(Entries taken from a collection)
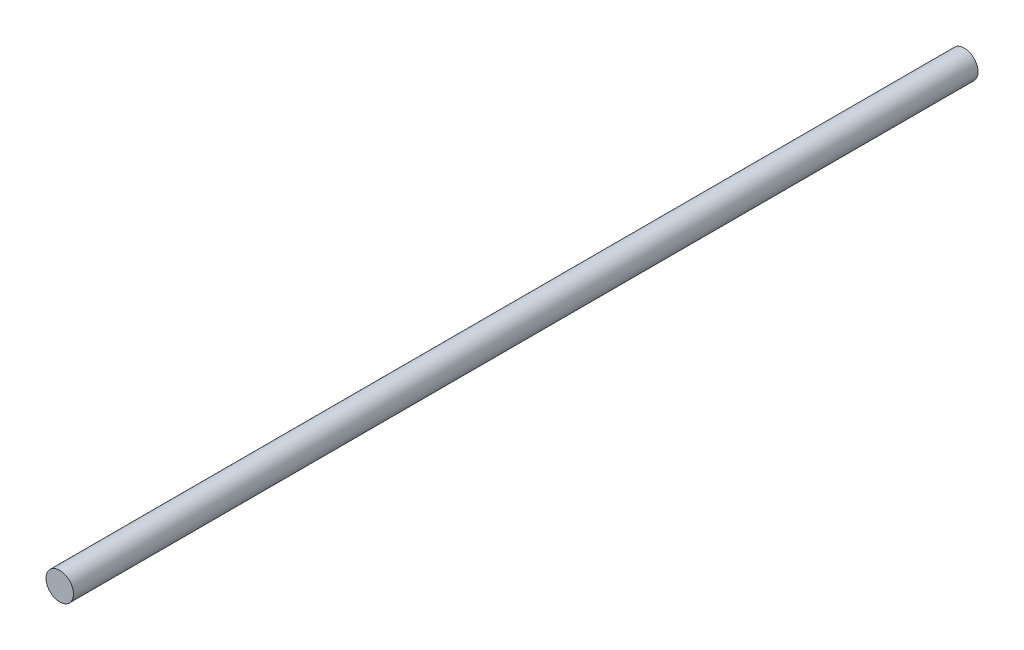
ISO-10303-21;
HEADER;
FILE_DESCRIPTION(('STEP AP214'),'2;1');
FILE_NAME('part.step','',(''),(''),'','','');
FILE_SCHEMA(('AUTOMOTIVE_DESIGN { 1 0 10303 214 1 1 1 1 }'));
ENDSEC;
DATA;
#1=APPLICATION_CONTEXT('core data for automotive mechanical design processes');
#2=APPLICATION_PROTOCOL_DEFINITION('international standard','automotive_design',2000,#1);
#3=PRODUCT_CONTEXT('',#1,'mechanical');
#4=PRODUCT('Part','Part','',(#3));
#5=PRODUCT_RELATED_PRODUCT_CATEGORY('part','',(#4));
#6=PRODUCT_DEFINITION_FORMATION('','',#4);
#7=PRODUCT_DEFINITION_CONTEXT('part definition',#1,'design');
#8=PRODUCT_DEFINITION('design','',#6,#7);
#9=PRODUCT_DEFINITION_SHAPE('','',#8);
#10=(LENGTH_UNIT() NAMED_UNIT(*) SI_UNIT(.MILLI.,.METRE.));
#11=(NAMED_UNIT(*) PLANE_ANGLE_UNIT() SI_UNIT($,.RADIAN.));
#12=(NAMED_UNIT(*) SI_UNIT($,.STERADIAN.) SOLID_ANGLE_UNIT());
#13=UNCERTAINTY_MEASURE_WITH_UNIT(LENGTH_MEASURE(1.E-05),#10,'distance_accuracy_value','');
#14=(GEOMETRIC_REPRESENTATION_CONTEXT(3) GLOBAL_UNCERTAINTY_ASSIGNED_CONTEXT((#13)) GLOBAL_UNIT_ASSIGNED_CONTEXT((#10,
#11,#12)) REPRESENTATION_CONTEXT('',''));
#15=CARTESIAN_POINT('',(0.,0.,0.));
#16=DIRECTION('',(0.,0.,1.));
#17=DIRECTION('',(1.,0.,0.));
#18=AXIS2_PLACEMENT_3D('',#15,#16,#17);
#19=CARTESIAN_POINT('',(0.,0.,164.7));
#20=DIRECTION('',(0.,0.,-1.));
#21=DIRECTION('',(-1.,0.,0.));
#22=AXIS2_PLACEMENT_3D('',#19,#20,#21);
#23=CYLINDRICAL_SURFACE('',#22,2.5);
#24=CARTESIAN_POINT('',(0.,0.,164.7));
#25=DIRECTION('',(0.,0.,1.));
#26=DIRECTION('',(1.,0.,0.));
#27=AXIS2_PLACEMENT_3D('',#24,#25,#26);
#28=CIRCLE('',#27,2.5);
#29=CARTESIAN_POINT('',(-2.5,0.,164.7));
#30=VERTEX_POINT('',#29);
#31=EDGE_CURVE('E10',#30,#30,#28,.T.);
#32=CARTESIAN_POINT('',(0.,0.,0.));
#33=DIRECTION('',(0.,0.,1.));
#34=DIRECTION('',(1.,0.,0.));
#35=AXIS2_PLACEMENT_3D('',#32,#33,#34);
#36=CIRCLE('',#35,2.5);
#37=CARTESIAN_POINT('',(-2.5,0.,0.));
#38=VERTEX_POINT('',#37);
#39=EDGE_CURVE('E34',#38,#38,#36,.T.);
#40=CARTESIAN_POINT('',(-2.5,0.,164.7));
#41=CARTESIAN_POINT('',(-2.5,0.,162.984375));
#42=CARTESIAN_POINT('',(-2.5,0.,161.26875));
#43=CARTESIAN_POINT('',(-2.5,0.,157.8375));
#44=CARTESIAN_POINT('',(-2.5,0.,156.121875));
#45=CARTESIAN_POINT('',(-2.5,0.,152.690625));
#46=CARTESIAN_POINT('',(-2.5,0.,150.975));
#47=CARTESIAN_POINT('',(-2.5,0.,147.54375));
#48=CARTESIAN_POINT('',(-2.5,0.,145.828125));
#49=CARTESIAN_POINT('',(-2.5,0.,142.396875));
#50=CARTESIAN_POINT('',(-2.5,0.,140.68125));
#51=CARTESIAN_POINT('',(-2.5,0.,137.25));
#52=CARTESIAN_POINT('',(-2.5,0.,135.534375));
#53=CARTESIAN_POINT('',(-2.5,0.,132.103125));
#54=CARTESIAN_POINT('',(-2.5,0.,130.3875));
#55=CARTESIAN_POINT('',(-2.5,0.,126.95625));
#56=CARTESIAN_POINT('',(-2.5,0.,125.240625));
#57=CARTESIAN_POINT('',(-2.5,0.,121.809375));
#58=CARTESIAN_POINT('',(-2.5,0.,120.09375));
#59=CARTESIAN_POINT('',(-2.5,0.,116.6625));
#60=CARTESIAN_POINT('',(-2.5,0.,114.946875));
#61=CARTESIAN_POINT('',(-2.5,0.,111.515625));
#62=CARTESIAN_POINT('',(-2.5,0.,109.8));
#63=CARTESIAN_POINT('',(-2.5,0.,106.36875));
#64=CARTESIAN_POINT('',(-2.5,0.,104.653125));
#65=CARTESIAN_POINT('',(-2.5,0.,101.221875));
#66=CARTESIAN_POINT('',(-2.5,0.,99.50625));
#67=CARTESIAN_POINT('',(-2.5,0.,96.075));
#68=CARTESIAN_POINT('',(-2.5,0.,94.359375));
#69=CARTESIAN_POINT('',(-2.5,0.,90.928125));
#70=CARTESIAN_POINT('',(-2.5,0.,89.2125));
#71=CARTESIAN_POINT('',(-2.5,0.,85.78125));
#72=CARTESIAN_POINT('',(-2.5,0.,84.065625));
#73=CARTESIAN_POINT('',(-2.5,0.,80.634375));
#74=CARTESIAN_POINT('',(-2.5,0.,78.91875));
#75=CARTESIAN_POINT('',(-2.5,0.,75.4875));
#76=CARTESIAN_POINT('',(-2.5,0.,73.771875));
#77=CARTESIAN_POINT('',(-2.5,0.,70.340625));
#78=CARTESIAN_POINT('',(-2.5,0.,68.625));
#79=CARTESIAN_POINT('',(-2.5,0.,65.19375));
#80=CARTESIAN_POINT('',(-2.5,0.,63.478125));
#81=CARTESIAN_POINT('',(-2.5,0.,60.046875));
#82=CARTESIAN_POINT('',(-2.5,0.,58.33125));
#83=CARTESIAN_POINT('',(-2.5,0.,54.9));
#84=CARTESIAN_POINT('',(-2.5,0.,53.184375));
#85=CARTESIAN_POINT('',(-2.5,0.,49.753125));
#86=CARTESIAN_POINT('',(-2.5,0.,48.0375));
#87=CARTESIAN_POINT('',(-2.5,0.,44.60625));
#88=CARTESIAN_POINT('',(-2.5,0.,42.890625));
#89=CARTESIAN_POINT('',(-2.5,0.,39.459375));
#90=CARTESIAN_POINT('',(-2.5,0.,37.74375));
#91=CARTESIAN_POINT('',(-2.5,0.,34.3125));
#92=CARTESIAN_POINT('',(-2.5,0.,32.596875));
#93=CARTESIAN_POINT('',(-2.5,0.,29.165625));
#94=CARTESIAN_POINT('',(-2.5,0.,27.45));
#95=CARTESIAN_POINT('',(-2.5,0.,24.01875));
#96=CARTESIAN_POINT('',(-2.5,0.,22.303125));
#97=CARTESIAN_POINT('',(-2.5,0.,18.871875));
#98=CARTESIAN_POINT('',(-2.5,0.,17.15625));
#99=CARTESIAN_POINT('',(-2.5,0.,13.725));
#100=CARTESIAN_POINT('',(-2.5,0.,12.009375));
#101=CARTESIAN_POINT('',(-2.5,0.,8.57812499999999));
#102=CARTESIAN_POINT('',(-2.5,0.,6.86249999999999));
#103=CARTESIAN_POINT('',(-2.5,0.,3.43125));
#104=CARTESIAN_POINT('',(-2.5,0.,1.715625));
#105=CARTESIAN_POINT('',(-2.5,0.,0.));
#106=B_SPLINE_CURVE_WITH_KNOTS('',3,(#40,#41,#42,#43,#44,#45,#46,#47,#48,#49,#50,#51,#52,#53,
#54,#55,#56,#57,#58,#59,#60,#61,#62,#63,#64,#65,#66,#67,#68,#69,#70,#71,#72,#73,#74,#75,#76,#77,
#78,#79,#80,#81,#82,#83,#84,#85,#86,#87,#88,#89,#90,#91,#92,#93,#94,#95,#96,#97,#98,#99,#100,
#101,#102,#103,#104,#105),.UNSPECIFIED.,.F.,.F.,(4,2,2,2,2,2,2,2,2,2,2,2,2,2,2,2,2,2,2,2,2,2,2,
2,2,2,2,2,2,2,2,2,4),(0.,5.14687500000002,10.29375,15.440625,20.5875,25.734375,30.88125,
36.028125,41.175,46.321875,51.46875,56.615625,61.7625,66.909375,72.05625,77.203125,82.35,
87.496875,92.64375,97.790625,102.9375,108.084375,113.23125,118.378125,123.525,128.671875,
133.81875,138.965625,144.1125,149.259375,154.40625,159.553125,164.7),.UNSPECIFIED.);
#107=EDGE_CURVE('BSEAM31',#30,#38,#106,.T.);
#108=ORIENTED_EDGE('',*,*,#31,.F.);
#109=ORIENTED_EDGE('',*,*,#39,.T.);
#110=ORIENTED_EDGE('',*,*,#107,.T.);
#111=ORIENTED_EDGE('',*,*,#107,.F.);
#112=EDGE_LOOP('',(#108,#110,#109,#111));
#113=FACE_BOUND('',#112,.T.);
#114=ADVANCED_FACE('F31',(#113),#23,.T.);
#115=CARTESIAN_POINT('',(0.,0.,164.7));
#116=DIRECTION('',(0.,0.,1.));
#117=DIRECTION('',(1.,0.,0.));
#118=AXIS2_PLACEMENT_3D('',#115,#116,#117);
#119=PLANE('',#118);
#120=ORIENTED_EDGE('',*,*,#31,.T.);
#121=EDGE_LOOP('',(#120));
#122=FACE_BOUND('',#121,.T.);
#123=ADVANCED_FACE('F46',(#122),#119,.T.);
#124=CARTESIAN_POINT('',(0.,0.,0.));
#125=DIRECTION('',(0.,0.,1.));
#126=DIRECTION('',(1.,0.,0.));
#127=AXIS2_PLACEMENT_3D('',#124,#125,#126);
#128=PLANE('',#127);
#129=ORIENTED_EDGE('',*,*,#39,.F.);
#130=EDGE_LOOP('',(#129));
#131=FACE_BOUND('',#130,.T.);
#132=ADVANCED_FACE('F44',(#131),#128,.F.);
#133=CLOSED_SHELL('',(#114,#123,#132));
#134=MANIFOLD_SOLID_BREP('B2',#133);
#135=ADVANCED_BREP_SHAPE_REPRESENTATION('',(#18,#134),#14);
#136=SHAPE_DEFINITION_REPRESENTATION(#9,#135);
ENDSEC;
END-ISO-10303-21;

• _Task prompt_: Starting at the line above that contains "#77=CARTESIAN_POINT('',(-2.5,0.,70.340625));", write out each line exactly until the line that contains "#88=CARTESIAN_POINT('',(-2.5,0.,42.890625));" has been written, and stop there.

• _Exercise output_:
#77=CARTESIAN_POINT('',(-2.5,0.,70.340625));
#78=CARTESIAN_POINT('',(-2.5,0.,68.625));
#79=CARTESIAN_POINT('',(-2.5,0.,65.19375));
#80=CARTESIAN_POINT('',(-2.5,0.,63.478125));
#81=CARTESIAN_POINT('',(-2.5,0.,60.046875));
#82=CARTESIAN_POINT('',(-2.5,0.,58.33125));
#83=CARTESIAN_POINT('',(-2.5,0.,54.9));
#84=CARTESIAN_POINT('',(-2.5,0.,53.184375));
#85=CARTESIAN_POINT('',(-2.5,0.,49.753125));
#86=CARTESIAN_POINT('',(-2.5,0.,48.0375));
#87=CARTESIAN_POINT('',(-2.5,0.,44.60625));
#88=CARTESIAN_POINT('',(-2.5,0.,42.890625));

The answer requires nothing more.